Monday, November 26, 2007

The Hearse Whisperer

1. Nearly every society has a creation myth, explaining how First Man and First Woman decided to set up housekeeping and make a go of things on their own.

2. Nearly every poet and writer has an awareness of an aha moment, in which the lot was drawn, the die cast, the shoe finally fit, the penny dropped, the realization hit.

3. Writers and poets are walking examples of people who want to get away from one world and into another of their own creation.

4. As is the case with wanderers, hunters and gatherers, poets and writers have some sense of being in or wanting to be in a mystical relationship with some force they perceive as extending beyond them, beyond such limiting concepts as time, space, and causation.

5. So far, there is nothing funny about any of this and there should be.

6. It is well known that there cannot be humor unless there is pretension or disaster or fear of death.

7. Okay. Now we have humor because poets and writers are pretending to get glimpses of truth, which they generously hope to pass on (for a royalty of course); their attempts to pass this information along go, as one poet put it, aft agley, or in more modern terms, FUBAR, and unless one has signed on as a jihadist, there is little enough known about death to set one's mind entirely at rest on the subject.

8. In our culture, there are corporate histories which are the modern equivalent of creation myths because the goal of the corporate history is to get us to invest in the corporation and vote proxies to the present board of directors, while in creation myths the goal is--hey!--the goal is to get us to invest in the corporation and vote proxies to the present board of directors.

9. This is not funny. Right?

10. Poets and writers, when not sticking to their own inner visions, can pick up a occasional Euro or two by writing Creation Myths for real societies and societies that don't exist. I mean, who better than a poet or writer? You're not going to trust some old scribe, are you?

11. Suppose everything that does not represent itself as fiction is really a prospectus for a creation myth?

12. This would make everything funny for about a third of all living persons, leaving a full two-thirds of the world population serious, bewildered, and trying to buy into the corporate history and its financial reports.

13. We know what happens when we get numbers like that: the Republicans order seconds.

14. That isn't as funny as what happens next: The Democrats confess to everything.

15. The Republicans filibuster The Sermon on the Mount, rendering it inoperable.

16. Schadenfreude becomes the new Patriot Act.

17. There is still fiction and poetry to guide us.

18. Thing is, we don't know where it will guide us.

19. All things are flowing, sage Heraclitus says/
And a tawdry cheapness shall outlast our days...

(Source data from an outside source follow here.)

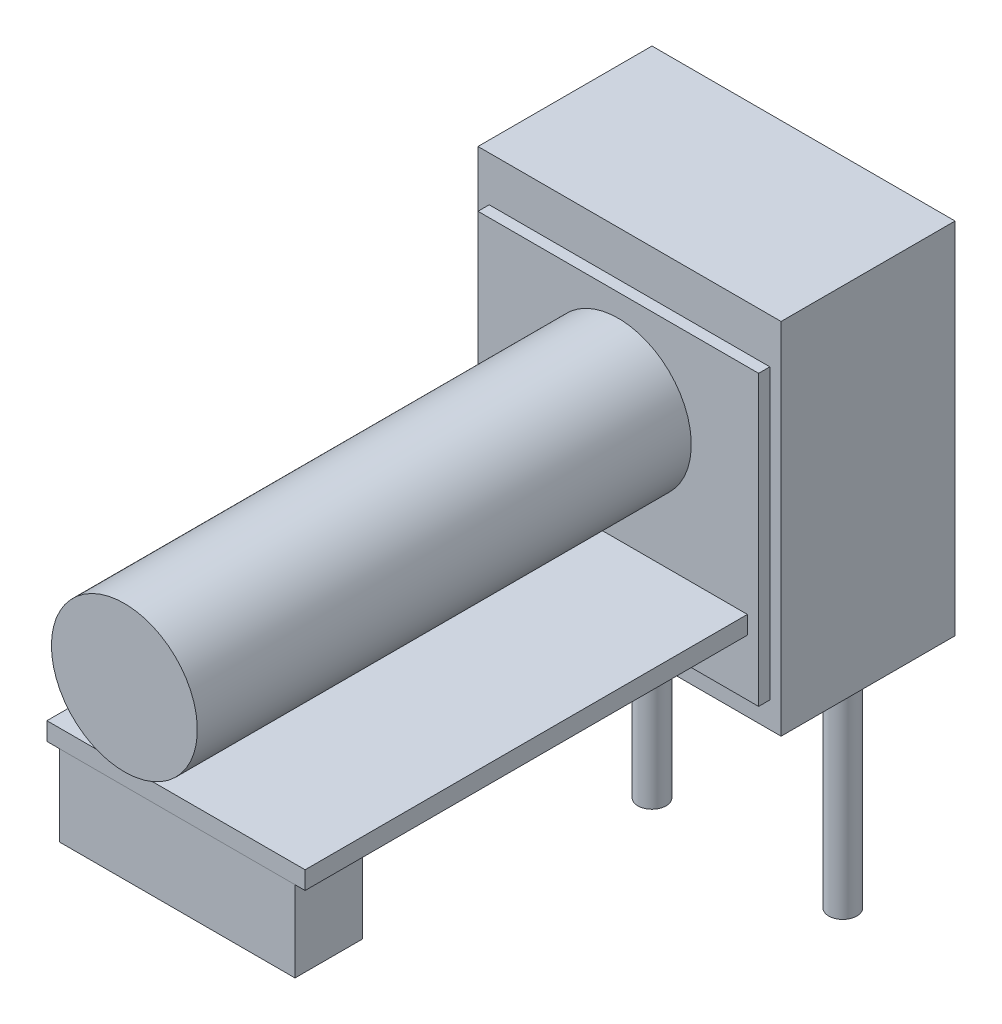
ISO-10303-21;
HEADER;
FILE_DESCRIPTION(('STEP AP214'),'2;1');
FILE_NAME('part.step','',(''),(''),'','','');
FILE_SCHEMA(('AUTOMOTIVE_DESIGN { 1 0 10303 214 1 1 1 1 }'));
ENDSEC;
DATA;
#1=APPLICATION_CONTEXT('core data for automotive mechanical design processes');
#2=APPLICATION_PROTOCOL_DEFINITION('international standard','automotive_design',2000,#1);
#3=PRODUCT_CONTEXT('',#1,'mechanical');
#4=PRODUCT('Part','Part','',(#3));
#5=PRODUCT_RELATED_PRODUCT_CATEGORY('part','',(#4));
#6=PRODUCT_DEFINITION_FORMATION('','',#4);
#7=PRODUCT_DEFINITION_CONTEXT('part definition',#1,'design');
#8=PRODUCT_DEFINITION('design','',#6,#7);
#9=PRODUCT_DEFINITION_SHAPE('','',#8);
#10=(LENGTH_UNIT() NAMED_UNIT(*) SI_UNIT(.MILLI.,.METRE.));
#11=(NAMED_UNIT(*) PLANE_ANGLE_UNIT() SI_UNIT($,.RADIAN.));
#12=(NAMED_UNIT(*) SI_UNIT($,.STERADIAN.) SOLID_ANGLE_UNIT());
#13=UNCERTAINTY_MEASURE_WITH_UNIT(LENGTH_MEASURE(1.E-05),#10,'distance_accuracy_value','');
#14=(GEOMETRIC_REPRESENTATION_CONTEXT(3) GLOBAL_UNCERTAINTY_ASSIGNED_CONTEXT((#13)) GLOBAL_UNIT_ASSIGNED_CONTEXT((#10,
#11,#12)) REPRESENTATION_CONTEXT('',''));
#15=CARTESIAN_POINT('',(0.,0.,0.));
#16=DIRECTION('',(0.,0.,1.));
#17=DIRECTION('',(1.,0.,0.));
#18=AXIS2_PLACEMENT_3D('',#15,#16,#17);
#19=CARTESIAN_POINT('',(50.2828220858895,2.57106339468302,5.));
#20=DIRECTION('',(0.,-1.,0.));
#21=DIRECTION('',(0.,0.,-1.));
#22=AXIS2_PLACEMENT_3D('',#19,#20,#21);
#23=PLANE('',#22);
#24=CARTESIAN_POINT('',(50.2828220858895,2.57106339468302,5.));
#25=DIRECTION('',(0.,-1.,0.));
#26=DIRECTION('',(0.,0.,-1.));
#27=AXIS2_PLACEMENT_3D('',#24,#25,#26);
#28=CIRCLE('',#27,3.2);
#29=CARTESIAN_POINT('',(50.2828220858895,2.57106339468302,1.8));
#30=VERTEX_POINT('',#29);
#31=EDGE_CURVE('E342',#30,#30,#28,.T.);
#32=ORIENTED_EDGE('',*,*,#31,.T.);
#33=EDGE_LOOP('',(#32));
#34=FACE_BOUND('',#33,.T.);
#35=CARTESIAN_POINT('',(50.2828220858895,2.57106339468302,5.));
#36=DIRECTION('',(0.,-1.,0.));
#37=DIRECTION('',(0.,0.,-1.));
#38=AXIS2_PLACEMENT_3D('',#35,#36,#37);
#39=CIRCLE('',#38,1.25);
#40=CARTESIAN_POINT('',(50.2828220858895,2.57106339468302,3.75000000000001));
#41=VERTEX_POINT('',#40);
#42=EDGE_CURVE('E710',#41,#41,#39,.T.);
#43=ORIENTED_EDGE('',*,*,#42,.F.);
#44=EDGE_LOOP('',(#43));
#45=FACE_BOUND('',#44,.T.);
#46=ADVANCED_FACE('F31',(#34,#45),#23,.T.);
#47=CARTESIAN_POINT('',(33.2828220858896,2.57106339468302,5.));
#48=DIRECTION('',(0.,-1.,0.));
#49=DIRECTION('',(0.,0.,-1.));
#50=AXIS2_PLACEMENT_3D('',#47,#48,#49);
#51=PLANE('',#50);
#52=CARTESIAN_POINT('',(33.2828220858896,2.57106339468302,5.));
#53=DIRECTION('',(0.,-1.,0.));
#54=DIRECTION('',(0.,0.,-1.));
#55=AXIS2_PLACEMENT_3D('',#52,#53,#54);
#56=CIRCLE('',#55,3.2);
#57=CARTESIAN_POINT('',(33.2828220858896,2.57106339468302,1.8));
#58=VERTEX_POINT('',#57);
#59=EDGE_CURVE('E348',#58,#58,#56,.T.);
#60=ORIENTED_EDGE('',*,*,#59,.T.);
#61=EDGE_LOOP('',(#60));
#62=FACE_BOUND('',#61,.T.);
#63=CARTESIAN_POINT('',(33.2828220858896,2.57106339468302,5.));
#64=DIRECTION('',(0.,-1.,0.));
#65=DIRECTION('',(0.,0.,-1.));
#66=AXIS2_PLACEMENT_3D('',#63,#64,#65);
#67=CIRCLE('',#66,1.25);
#68=CARTESIAN_POINT('',(33.2828220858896,2.57106339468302,3.75));
#69=VERTEX_POINT('',#68);
#70=EDGE_CURVE('E704',#69,#69,#67,.T.);
#71=ORIENTED_EDGE('',*,*,#70,.F.);
#72=EDGE_LOOP('',(#71));
#73=FACE_BOUND('',#72,.T.);
#74=ADVANCED_FACE('F743',(#62,#73),#51,.T.);
#75=CARTESIAN_POINT('',(28.2828220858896,3.57106339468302,15.5));
#76=DIRECTION('',(0.,1.,0.));
#77=DIRECTION('',(0.,0.,1.));
#78=AXIS2_PLACEMENT_3D('',#75,#76,#77);
#79=PLANE('',#78);
#80=CARTESIAN_POINT('',(50.2828220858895,3.57106339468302,5.));
#81=DIRECTION('',(0.,-1.,0.));
#82=DIRECTION('',(0.,0.,-1.));
#83=AXIS2_PLACEMENT_3D('',#80,#81,#82);
#84=CIRCLE('',#83,3.2);
#85=CARTESIAN_POINT('',(48.2828220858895,3.57106339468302,7.49799919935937));
#86=VERTEX_POINT('',#85);
#87=CARTESIAN_POINT('',(48.2828220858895,3.57106339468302,2.50200080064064));
#88=VERTEX_POINT('',#87);
#89=EDGE_CURVE('E1372',#86,#88,#84,.T.);
#90=ORIENTED_EDGE('',*,*,#89,.F.);
#91=DIRECTION('',(0.,0.,-1.));
#92=VECTOR('',#91,1.);
#93=CARTESIAN_POINT('',(48.2828220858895,3.57106339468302,6.13578166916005));
#94=LINE('',#93,#92);
#95=CARTESIAN_POINT('',(48.2828220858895,3.57106339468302,8.));
#96=VERTEX_POINT('',#95);
#97=EDGE_CURVE('E411',#96,#86,#94,.T.);
#98=ORIENTED_EDGE('',*,*,#97,.F.);
#99=CARTESIAN_POINT('',(50.2828220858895,3.57106339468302,8.));
#100=DIRECTION('',(0.,-1.,0.));
#101=DIRECTION('',(0.,0.,-1.));
#102=AXIS2_PLACEMENT_3D('',#99,#100,#101);
#103=CIRCLE('',#102,2.);
#104=CARTESIAN_POINT('',(52.2828220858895,3.57106339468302,8.));
#105=VERTEX_POINT('',#104);
#106=EDGE_CURVE('E408',#105,#96,#103,.T.);
#107=ORIENTED_EDGE('',*,*,#106,.F.);
#108=DIRECTION('',(0.,0.,1.));
#109=VECTOR('',#108,1.);
#110=CARTESIAN_POINT('',(52.2828220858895,3.57106339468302,6.13578166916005));
#111=LINE('',#110,#109);
#112=CARTESIAN_POINT('',(52.2828220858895,3.57106339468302,7.49799919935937));
#113=VERTEX_POINT('',#112);
#114=EDGE_CURVE('E54',#113,#105,#111,.T.);
#115=ORIENTED_EDGE('',*,*,#114,.F.);
#116=CARTESIAN_POINT('',(52.2828220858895,3.57106339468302,2.50200080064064));
#117=VERTEX_POINT('',#116);
#118=EDGE_CURVE('E49',#117,#113,#84,.T.);
#119=ORIENTED_EDGE('',*,*,#118,.F.);
#120=DIRECTION('',(0.,0.,1.));
#121=VECTOR('',#120,1.);
#122=CARTESIAN_POINT('',(52.2828220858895,3.57106339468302,0.));
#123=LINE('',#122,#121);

20. Fu I loved the high cloud and the hill.
Li Po died a drunk;
He tried to embrace the moon in the Yellow River

21. During one of his more coherent drunken invectives, Peter Wigham maintained that in order for a poet to achieve greatness, his or her work had to be something that someone knew from memory, precluding Ezra Pound from greatness.

22. "Bullshit, Peter," I said: The apparition of these faces in the crowd:
Petals on a wet, black bough.

23. "Son of a bitch," Peter said.

24. Numbers 19 and 20 as well, I said.

25. Double son of a bitch, quoth Peter.

26. Maybe the Prophet was wrong about all being vanity. Maybe all is Creation Myth.

27. Poets and writers don't have solutions when they set forth.

28. Is the quest for a Unified Field Theory an earnest desire for a Creation Myth ?

29. Do you feel any different about Creation Myths now.

30. WTF was Peter Wigham?

31. He professed literature at UC Berkeley and later in life sold flowers at a Riley's stand on Milpas Street, Santa Barbara, CA.




3 comments:

R.L. Bourges said...

re corporate creation myths: in political circles (and advertising, but where's the difference?) the big thing is "storytelling". promises? Forget it. And don't bother the folks with balanced budgets or habeas corpus or...whatever. tell them stories 'cause that's all that matters - a good story.
some writers finally start telling stories when they realize that their lies are at least as true as everybody else's - and besides, they're more fun.

x said...

Blasted Blogger ate my comment again! And it was so funny. All about how Peter Wigham obviously got a promotion and how I so yearn for a Creation Myth I can believe in and how I still know nothing about nothing should go work at Riley's flower stand because at least I do know flowers smell good. Darn!

Lori Witzel said...

Synchronicity is icumen in, Laud sing cuckoo!

While walking with a colleague after work yesterday (or rather, in the interregnum between the work-day and the work-dusk) we discussed the fabulous mythologies one can find in business leadership books.

Re: 21. Thank goodness you shared 22, I was poised to jump in on Old Ez's behalf and get all up in Peter's precludings.

(That Dean must be a prickly character...)

And, one more: word verification is "aoltzy" which I'll define as the tiny fit of pique produced when AOL doesn't work as expected, and my sweet father-in-law calls my techie hubbie for advice.